EXERCISE INSTRUCTIONS.
Repeat every line of the data exactly, but not the pictures.
Start of Block
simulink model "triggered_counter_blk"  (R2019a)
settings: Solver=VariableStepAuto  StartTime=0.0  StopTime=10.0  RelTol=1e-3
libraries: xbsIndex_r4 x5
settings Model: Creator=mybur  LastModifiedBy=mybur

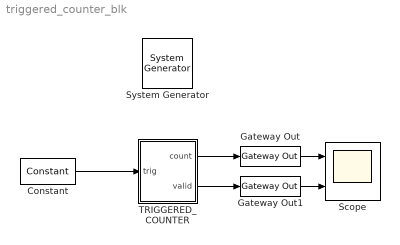
== system triggered_counter_blk ==
  " System Generator" : xbsIndex_r4/ System Generator  Tag=genX  xilinxfamily=kintex7  part=xc7k325t  speed=-3  package=fbg676  synthesis_tool=Vivado  clock_wrapper=Clock Enables  directory=./netlist  proj_type=Vivado  Synth_file=Vivado Synthesis Defaults  Impl_file=Vivado Implementation Defaults  testbench=off  simulink_period=1  sysclk_period=10  dcm_input_clock_period=10  incr_netlist=off  trim_vbits=Everywhere in SubSystem  dbl_ovrd=According to Block Masks  core_generation=According to Block Masks  run_coregen=off  deprecated_control=off  eval_field=0  block_type=sysgen
  Constant : xbsIndex_r4/Constant  const=1.0  gui_display_data_type=Fixed-point  arith_type=Unsigned  n_bits=1  bin_pt=0  preci_type=Single  exp_width=8  frac_width=24  explicit_period=on  period=1  equ=P=C  opselect=C  inp2=PCIN>>17  opr=+  inp1=P  carry=CIN  dbl_ovrd=off  block_type=constant
  Gateway Out : xbsIndex_r4/Gateway Out  inherit_from_input=off  hdl_port=on  rows=1  columns=1  UseAsDAC=off  DACChannel='1'  interface=None  automatic_assignment=on  address_offset=hex2dec('00')  intf_name=''  intf_description=''  timing_constraint=None  locs_specified=off  LOCs={}  io_standard={}  block_type=gatewayout
  Gateway Out1 : xbsIndex_r4/Gateway Out  inherit_from_input=off  hdl_port=on  rows=1  columns=1  UseAsDAC=off  DACChannel='1'  interface=None  automatic_assignment=on  address_offset=hex2dec('00')  intf_name=''  intf_description=''  timing_constraint=None  locs_specified=off  LOCs={}  io_standard={}  block_type=gatewayout
  Scope : Scope  NumInputPorts=2
  TRIGGERED_COUNTER : Subsystem  mask{len=5}
      mask prompts: len "Run length"
      mask init:
      | Simulink.Block.eval([gcb, '/triggered_counter']);
  wires:
  Constant/1 -> TRIGGERED_COUNTER/1(trig)
  Gateway Out/1 -> Scope/1
  TRIGGERED_COUNTER/1(count) -> Gateway Out/1
  Gateway Out1/1 -> Scope/2
  TRIGGERED_COUNTER/2(valid) -> Gateway Out1/1

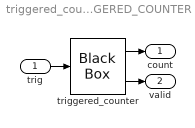
== system triggered_counter_blk/TRIGGERED_COUNTER ==
  trig : Inport
  triggered_counter : xbsIndex_r4/Black Box  init_code=triggered_counter_config  sim_method=ISE Simulator  verbose=off  block_type=blackbox2
  count : Outport
  valid : Outport  Port=2
  wires:
  trig/1 -> triggered_counter/1
  triggered_counter/1 -> count/1
  triggered_counter/2 -> valid/1
End of Block
SOLUTION FOR THIS EXERCISE.
simulink model "triggered_counter_blk"  (R2019a)
settings: Solver=VariableStepAuto  StartTime=0.0  StopTime=10.0  RelTol=1e-3
libraries: xbsIndex_r4 x5
settings Model: Creator=mybur  LastModifiedBy=mybur

== system triggered_counter_blk ==
  " System Generator" : xbsIndex_r4/ System Generator  Tag=genX  xilinxfamily=kintex7  part=xc7k325t  speed=-3  package=fbg676  synthesis_tool=Vivado  clock_wrapper=Clock Enables  directory=./netlist  proj_type=Vivado  Synth_file=Vivado Synthesis Defaults  Impl_file=Vivado Implementation Defaults  testbench=off  simulink_period=1  sysclk_period=10  dcm_input_clock_period=10  incr_netlist=off  trim_vbits=Everywhere in SubSystem  dbl_ovrd=According to Block Masks  core_generation=According to Block Masks  run_coregen=off  deprecated_control=off  eval_field=0  block_type=sysgen
  Constant : xbsIndex_r4/Constant  const=1.0  gui_display_data_type=Fixed-point  arith_type=Unsigned  n_bits=1  bin_pt=0  preci_type=Single  exp_width=8  frac_width=24  explicit_period=on  period=1  equ=P=C  opselect=C  inp2=PCIN>>17  opr=+  inp1=P  carry=CIN  dbl_ovrd=off  block_type=constant
  Gateway Out : xbsIndex_r4/Gateway Out  inherit_from_input=off  hdl_port=on  rows=1  columns=1  UseAsDAC=off  DACChannel='1'  interface=None  automatic_assignment=on  address_offset=hex2dec('00')  intf_name=''  intf_description=''  timing_constraint=None  locs_specified=off  LOCs={}  io_standard={}  block_type=gatewayout
  Gateway Out1 : xbsIndex_r4/Gateway Out  inherit_from_input=off  hdl_port=on  rows=1  columns=1  UseAsDAC=off  DACChannel='1'  interface=None  automatic_assignment=on  address_offset=hex2dec('00')  intf_name=''  intf_description=''  timing_constraint=None  locs_specified=off  LOCs={}  io_standard={}  block_type=gatewayout
  Scope : Scope  NumInputPorts=2
  TRIGGERED_COUNTER : Subsystem  mask{len=5}
      mask prompts: len "Run length"
      mask init:
      | Simulink.Block.eval([gcb, '/triggered_counter']);
  wires:
  Constant/1 -> TRIGGERED_COUNTER/1(trig)
  Gateway Out/1 -> Scope/1
  TRIGGERED_COUNTER/1(count) -> Gateway Out/1
  Gateway Out1/1 -> Scope/2
  TRIGGERED_COUNTER/2(valid) -> Gateway Out1/1

== system triggered_counter_blk/TRIGGERED_COUNTER ==
  trig : Inport
  triggered_counter : xbsIndex_r4/Black Box  init_code=triggered_counter_config  sim_method=ISE Simulator  verbose=off  block_type=blackbox2
  count : Outport
  valid : Outport  Port=2
  wires:
  trig/1 -> triggered_counter/1
  triggered_counter/1 -> count/1
  triggered_counter/2 -> valid/1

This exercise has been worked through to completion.